In the current study the antibacterial activity of S. grandiflora bark extracts obtained from different fractions according to the three extracting solvents is explored. The in vitro antibacterial assay used in the present study was the microbroth dilution assay. This assay is particularly appropriate for in vitro antimicrobial activity evaluation of plant extracts because of its high reproducibility compared with the agar diffusion method (Wilkinson 2006). EAF also revealed high activity against the tested drug-resistant strains. The MIC of EAF against MRSA and VRE were 1.6 and 0.4 mg/mL, respectively. EAF show significantly higher activity than the plant previously reported [Lantana camara L. (Verbenaceae)] which its dichloromethane extract, which showed MIC against MRS and VRE of 6.25 mg/mL and its methanolic extract showed MIC against these two pathogens of 3.125 and 6.25 mg/mL, respectively (Dubey & Padhy 2013).

These results provide important scientific evidence to support the use of S. grandiflora bark as an active ingredient in Asian folk medicine remedies to treat ulcers and wounds as well as other skin disorders related to infections (Venkateshwarlu et al. 2012). However, results of antibacterial activity obtained from in vitro study are usually not sufficient to indicate the therapeutic effect in human due to issues of toxicity and pharmacodynamics. Consequently, pre-clinical testing in animal models is essential for evaluating toxicity and therapeutic effect of the active agents. There are several studies reported on the advantages of using silkworms for therapeutic evaluation in the first step of in vivo search for new antibacterial agents (Kaito et al. 2002; Hamamoto et al. 2004, 2009, 2015; Asami et al. 2010; Fujiyuki et al. 2010). The in vivo results demonstrate that EAF possesses highly effective therapeutic action against S. aureus in infected silkworms. This extract exhibited not only prolonged survival of the infected silkworm but also showed nontoxicity to the silkworms. Previous report revealed that the antibacterial property of S. grandiflora root was caused by several phytoconstituents in the extract (Manigandan & Muzammil 2013).

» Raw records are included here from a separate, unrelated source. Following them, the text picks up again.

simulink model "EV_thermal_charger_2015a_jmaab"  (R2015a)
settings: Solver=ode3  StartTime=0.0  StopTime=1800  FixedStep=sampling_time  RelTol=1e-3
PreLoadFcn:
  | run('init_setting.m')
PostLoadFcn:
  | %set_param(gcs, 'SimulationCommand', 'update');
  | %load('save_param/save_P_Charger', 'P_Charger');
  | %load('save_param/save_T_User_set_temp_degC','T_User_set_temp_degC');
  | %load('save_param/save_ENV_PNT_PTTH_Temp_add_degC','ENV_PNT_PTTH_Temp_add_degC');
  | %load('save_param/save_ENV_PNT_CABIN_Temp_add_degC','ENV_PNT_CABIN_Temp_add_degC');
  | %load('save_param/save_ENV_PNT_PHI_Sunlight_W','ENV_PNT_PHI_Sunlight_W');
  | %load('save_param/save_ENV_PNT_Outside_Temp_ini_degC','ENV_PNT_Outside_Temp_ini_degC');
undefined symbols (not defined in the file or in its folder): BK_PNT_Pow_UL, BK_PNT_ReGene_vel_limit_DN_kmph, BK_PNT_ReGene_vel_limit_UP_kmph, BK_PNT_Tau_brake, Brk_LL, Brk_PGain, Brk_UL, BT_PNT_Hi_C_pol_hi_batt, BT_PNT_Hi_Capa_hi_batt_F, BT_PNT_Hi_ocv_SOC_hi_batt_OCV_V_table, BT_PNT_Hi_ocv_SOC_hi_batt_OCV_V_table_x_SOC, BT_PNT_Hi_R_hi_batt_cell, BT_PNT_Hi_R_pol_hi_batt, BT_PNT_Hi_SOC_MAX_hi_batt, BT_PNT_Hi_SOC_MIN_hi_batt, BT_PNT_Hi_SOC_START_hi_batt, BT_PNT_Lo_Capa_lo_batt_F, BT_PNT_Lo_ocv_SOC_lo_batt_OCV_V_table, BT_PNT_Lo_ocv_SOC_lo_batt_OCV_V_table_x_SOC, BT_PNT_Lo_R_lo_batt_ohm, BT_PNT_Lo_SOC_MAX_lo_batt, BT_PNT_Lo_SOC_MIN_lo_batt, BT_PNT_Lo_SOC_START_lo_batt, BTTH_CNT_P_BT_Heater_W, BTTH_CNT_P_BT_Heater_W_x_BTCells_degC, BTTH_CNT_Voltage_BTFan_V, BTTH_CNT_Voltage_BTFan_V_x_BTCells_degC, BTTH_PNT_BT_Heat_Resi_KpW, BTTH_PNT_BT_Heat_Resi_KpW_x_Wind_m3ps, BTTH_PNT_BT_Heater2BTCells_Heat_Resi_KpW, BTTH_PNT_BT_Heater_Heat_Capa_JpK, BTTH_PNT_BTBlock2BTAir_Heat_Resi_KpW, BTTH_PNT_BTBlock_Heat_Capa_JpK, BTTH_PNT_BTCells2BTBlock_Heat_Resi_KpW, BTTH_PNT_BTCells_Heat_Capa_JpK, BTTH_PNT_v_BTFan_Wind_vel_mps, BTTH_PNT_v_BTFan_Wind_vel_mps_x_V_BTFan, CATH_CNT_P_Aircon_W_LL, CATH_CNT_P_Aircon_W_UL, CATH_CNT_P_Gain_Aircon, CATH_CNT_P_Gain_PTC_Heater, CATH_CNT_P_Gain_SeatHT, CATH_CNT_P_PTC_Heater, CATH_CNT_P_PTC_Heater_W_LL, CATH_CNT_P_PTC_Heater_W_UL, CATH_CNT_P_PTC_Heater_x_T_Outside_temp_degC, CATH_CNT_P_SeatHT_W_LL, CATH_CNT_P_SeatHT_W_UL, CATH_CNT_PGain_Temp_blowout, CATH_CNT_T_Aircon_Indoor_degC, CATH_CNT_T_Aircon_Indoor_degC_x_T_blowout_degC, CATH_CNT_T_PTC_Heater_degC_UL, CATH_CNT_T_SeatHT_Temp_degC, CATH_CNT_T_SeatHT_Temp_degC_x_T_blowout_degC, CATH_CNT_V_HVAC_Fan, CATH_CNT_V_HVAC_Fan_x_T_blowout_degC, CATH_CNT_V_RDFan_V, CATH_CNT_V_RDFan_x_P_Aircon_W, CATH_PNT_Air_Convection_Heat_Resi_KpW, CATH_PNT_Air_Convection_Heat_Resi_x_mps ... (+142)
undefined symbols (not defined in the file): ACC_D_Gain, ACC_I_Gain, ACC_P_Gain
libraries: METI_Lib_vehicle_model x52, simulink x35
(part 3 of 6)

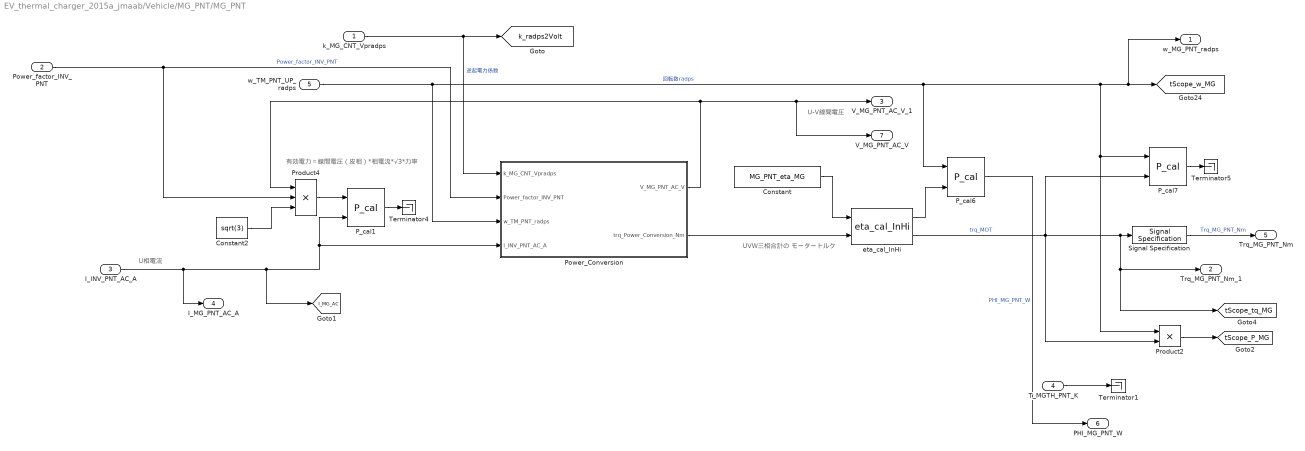
== system EV_thermal_charger_2015a_jmaab/Vehicle/MG_PNT/MG_PNT ==
  note: UVW三相合計の
      | モータートルク
  note: U-V線間電圧
  note: U相電流
  note: 有効電力＝線間電圧（皮相）*相電流*√3*力率
  k_MG_CNT_Vpradps : Inport
  Power_factor_INV_PNT : Inport  Port=2
  "I_INV_PNT_AC_A " : Inport  Port=3
  T_MGTH_PNT_K : Inport  Port=4
  w_TM_PNT_UP_radps : Inport  Port=5
  Constant : Constant  Value=MG_PNT_eta_MG
  Constant2 : Constant  Value=sqrt(3)
  P_cal1 : METI_Lib_vehicle_model/P_cal  Type_energy=電気  Type_output_energy=出力  Power_name=Po_  t_Workspace_Name=MG_PNT_ELEC  P_VariableName=Po_MG_PNT_ELEC  Across_VariableName=V_MG_PNT_ELEC  Throgh_VariableName=I_MG_PNT_ELEC
  P_cal6 : METI_Lib_vehicle_model/P_cal  Type_energy=回転運動  Type_output_energy=損失  Power_name=Pl_  t_Workspace_Name=MG_PNT_FRIC_LOSS  P_VariableName=Pl_MG_PNT_FRIC_LOSS  Across_VariableName=w_MG_PNT_FRIC_LOSS  Throgh_VariableName=tq_MG_PNT_FRIC_LOSS
  P_cal7 : METI_Lib_vehicle_model/P_cal  Type_energy=回転運動  Type_output_energy=出力  Power_name=Po_  t_Workspace_Name=MG_PNT_ROT  P_VariableName=Po_MG_PNT_ROT  Across_VariableName=w_MG_PNT_ROT  Throgh_VariableName=tq_MG_PNT_ROT
  Power_Conversion : Subsystem
  Product2 : Product
  Product4 : Product  Inputs=3
  Signal Specification : SignalSpecification
  Terminator1 : Terminator
  Terminator4 : Terminator
  Terminator5 : Terminator
  eta_cal_InHi : METI_Lib_vehicle_model/eta_cal_InHi  SystemSampleTime=-1
  w_MG_PNT_radps : Outport
  "Trq_MG_PNT_Nm_1 " : Outport  Port=2
  V_MG_PNT_AC_V_1 : Outport  Port=3
  I_MG_PNT_AC_A : Outport  Port=4
  Trq_MG_PNT_Nm : Outport  Port=5
  "PHI_MG_PNT_W " : Outport  Port=6
  "V_MG_PNT_AC_V " : Outport  Port=7
  tag scope: I_MG_AC=global, k_radps2Volt=global, tScope_P_MG=global, tScope_tq_MG=global, tScope_w_MG=global
  wires:
  P_cal1/1 -> Terminator4/1
  P_cal7/1 -> Terminator5/1
  w_TM_PNT_UP_radps/1 -> Power_Conversion/3("w_TM_PNT_radps "), w_MG_PNT_radps/1, [tScope_w_MG], Product2/1, P_cal7/1, P_cal6/1  "回転数radps"
  eta_cal_InHi/2 -> P_cal7/2, Product2/2, [tScope_tq_MG], "Trq_MG_PNT_Nm_1 "/1, Signal Specification/1  "trq_MOT"
  Product2/1 -> [tScope_P_MG]
  P_cal6/1 -> "PHI_MG_PNT_W "/1  "PHI_MG_PNT_W"
  Constant/1 -> eta_cal_InHi/1
  eta_cal_InHi/1 -> P_cal6/2
  k_MG_CNT_Vpradps/1 -> [k_radps2Volt], Power_Conversion/1(k_MG_CNT_Vpradps)  "逆起電力係数"
  Power_Conversion/2("trq_Power_Conversion_Nm ") -> eta_cal_InHi/2
  Power_Conversion/1(V_MG_PNT_AC_V) -> Product4/1, V_MG_PNT_AC_V_1/1, "V_MG_PNT_AC_V "/1
  Product4/1 -> P_cal1/1
  "I_INV_PNT_AC_A "/1 -> [I_MG_AC], P_cal1/2, Power_Conversion/4("I_INV_PNT_AC_A "), I_MG_PNT_AC_A/1
  Power_factor_INV_PNT/1 -> Power_Conversion/2(Power_factor_INV_PNT), Product4/2  "Power_factor_INV_PNT"
  Constant2/1 -> Product4/3
  T_MGTH_PNT_K/1 -> Terminator1/1
  Signal Specification/1 -> Trq_MG_PNT_Nm/1  "Trq_MG_PNT_Nm"

== system EV_thermal_charger_2015a_jmaab/Vehicle/VL_PNT/cal_Hill_Climbing_Resi ==
  note: 登坂抵抗
  In1 : Inport
  Constant2 : Constant  Value=g
  Constant3 : Constant  Value=M
  Gain : Gain  Gain=deg2rad
  Product1 : Product
  Product3 : Product
  Trigonometric Function : Trigonometry
  Out1 : Outport
  wires:
  Trigonometric Function/1 -> Product1/2
  Product1/1 -> Out1/1
  Product3/1 -> Product1/1
  Gain/1 -> Trigonometric Function/1
  Constant2/1 -> Product3/2
  Constant3/1 -> Product3/1
  In1/1 -> Gain/1

== system EV_thermal_charger_2015a_jmaab/Driver/Caliculate_Opeining_Accel/FB/Filter ==
  In1 : Inport
  Gain3 : Gain  Gain=10
  Gain4 : Gain  Gain=0.1
  Rounding Function : Rounding  Operator=round
  Out1 : Outport
  wires:
  Rounding Function/1 -> Gain4/1
  In1/1 -> Gain3/1
  Gain3/1 -> Rounding Function/1
  Gain4/1 -> Out1/1

== system EV_thermal_charger_2015a_jmaab/Driver/Caliculate_Opeining_Accel/FF1/Subsystem ==
  Req_Force : Inport
  Upper_Acc_Force_Input : Inport  Port=2
  Upper_ACC_percent : Inport  Port=3
  Lower_Acc_Force_Input : Inport  Port=4
  Lower_Acc_percent : Inport  Port=5
  Add10 : Sum
  Add11 : Sum  Inputs=+-
  Add8 : Sum  Inputs=+-
  Add9 : Sum  Inputs=+-
  Compare To Zero1 : simulink/Logic and Bit Operations/Compare To Zero  relop=>  OutDataTypeStr=boolean
  Divide_0wari2 : METI_Lib_vehicle_model/Divide_0wari
  Product2 : Product
  Acc_percent_Out : Outport
  threshold_Out : Outport  Port=2
  wires:
  Compare To Zero1/1 -> threshold_Out/1
  Req_Force/1 -> Add9/1
  Lower_Acc_Force_Input/1 -> Add9/2, Add8/2
  Add11/1 -> Product2/2
  Lower_Acc_percent/1 -> Add10/2, Add11/2
  Upper_Acc_Force_Input/1 -> Add8/1
  Product2/1 -> Add10/1
  Add8/1 -> Divide_0wari2/2
  Divide_0wari2/1 -> Product2/1
  Add9/1 -> Compare To Zero1/1, Divide_0wari2/1
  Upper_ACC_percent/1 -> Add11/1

The HPLC fingerprint of EAF was constructed in the current study and indicated that several constituents exist. One major peak was eluted at the same retention time as gallic acid under the same HPLC conditions. Gallic acid is a phenolic compound and possesses inhibitory activity against various microorganisms including bacteria (Díaz-Gómez et al. 2014; Cossu et al. 2016). It is therefore proposed that a major compound of EAF might be gallic acid. Besides, when fractions from the preparative HPLC were tested for antibacterial activity, it was found that the activity of each fraction was not high. The sum of recovery activity of those fractions was only 35% whereas the recovery of antimicrobial activity was 100% when the eluent of the chromatography was collected in total. Previous studies reported the activity enhancement as synergism from the combination of more than one active ingredient could occur (Zuo et al. 2011; Naksuriya & Okonogi 2015). It is considered that a synergistic effect of phytochemical compounds existing in EAF causes the strong antibacterial activity.

Conclusions

Among three fractionated extracts of S. grandiflora bark, EAF possesses the highest antibacterial activity against drug sensitive and resistant pathogenic bacteria (p < 0.05). The MIC of EAF against drug resistant bacteria, MRSA and VRE, are 1.6 and 0.4 mg/mL, respectively. EAF also inhibits Gram-negative E. coli and P. aeruginosa with MIC of 6.2 and 3.1 mg/mL, respectively. EAF and HXF are nontoxic (LC50 >400 mg/mL) to the silkworms in comparison with CFF (LC50 = 65.9 mg/mL). HXF and CFF have no therapeutic effect whereas EAF has a significant (p < 0.05) therapeutic effect on infected silkworms with EC50 of 1.9 mg/mL. EAF consists of at least five compounds, one of them being gallic acid. Preparative HPLC indicates that a synergistic effect of several compounds in EAF results (p < 0.05) in antibacterial activity higher than the sum of individual activities. These results suggest that EAF is a promising antibacterial extract and suitable for further investigation in rodents infected with drug resistant bacteria.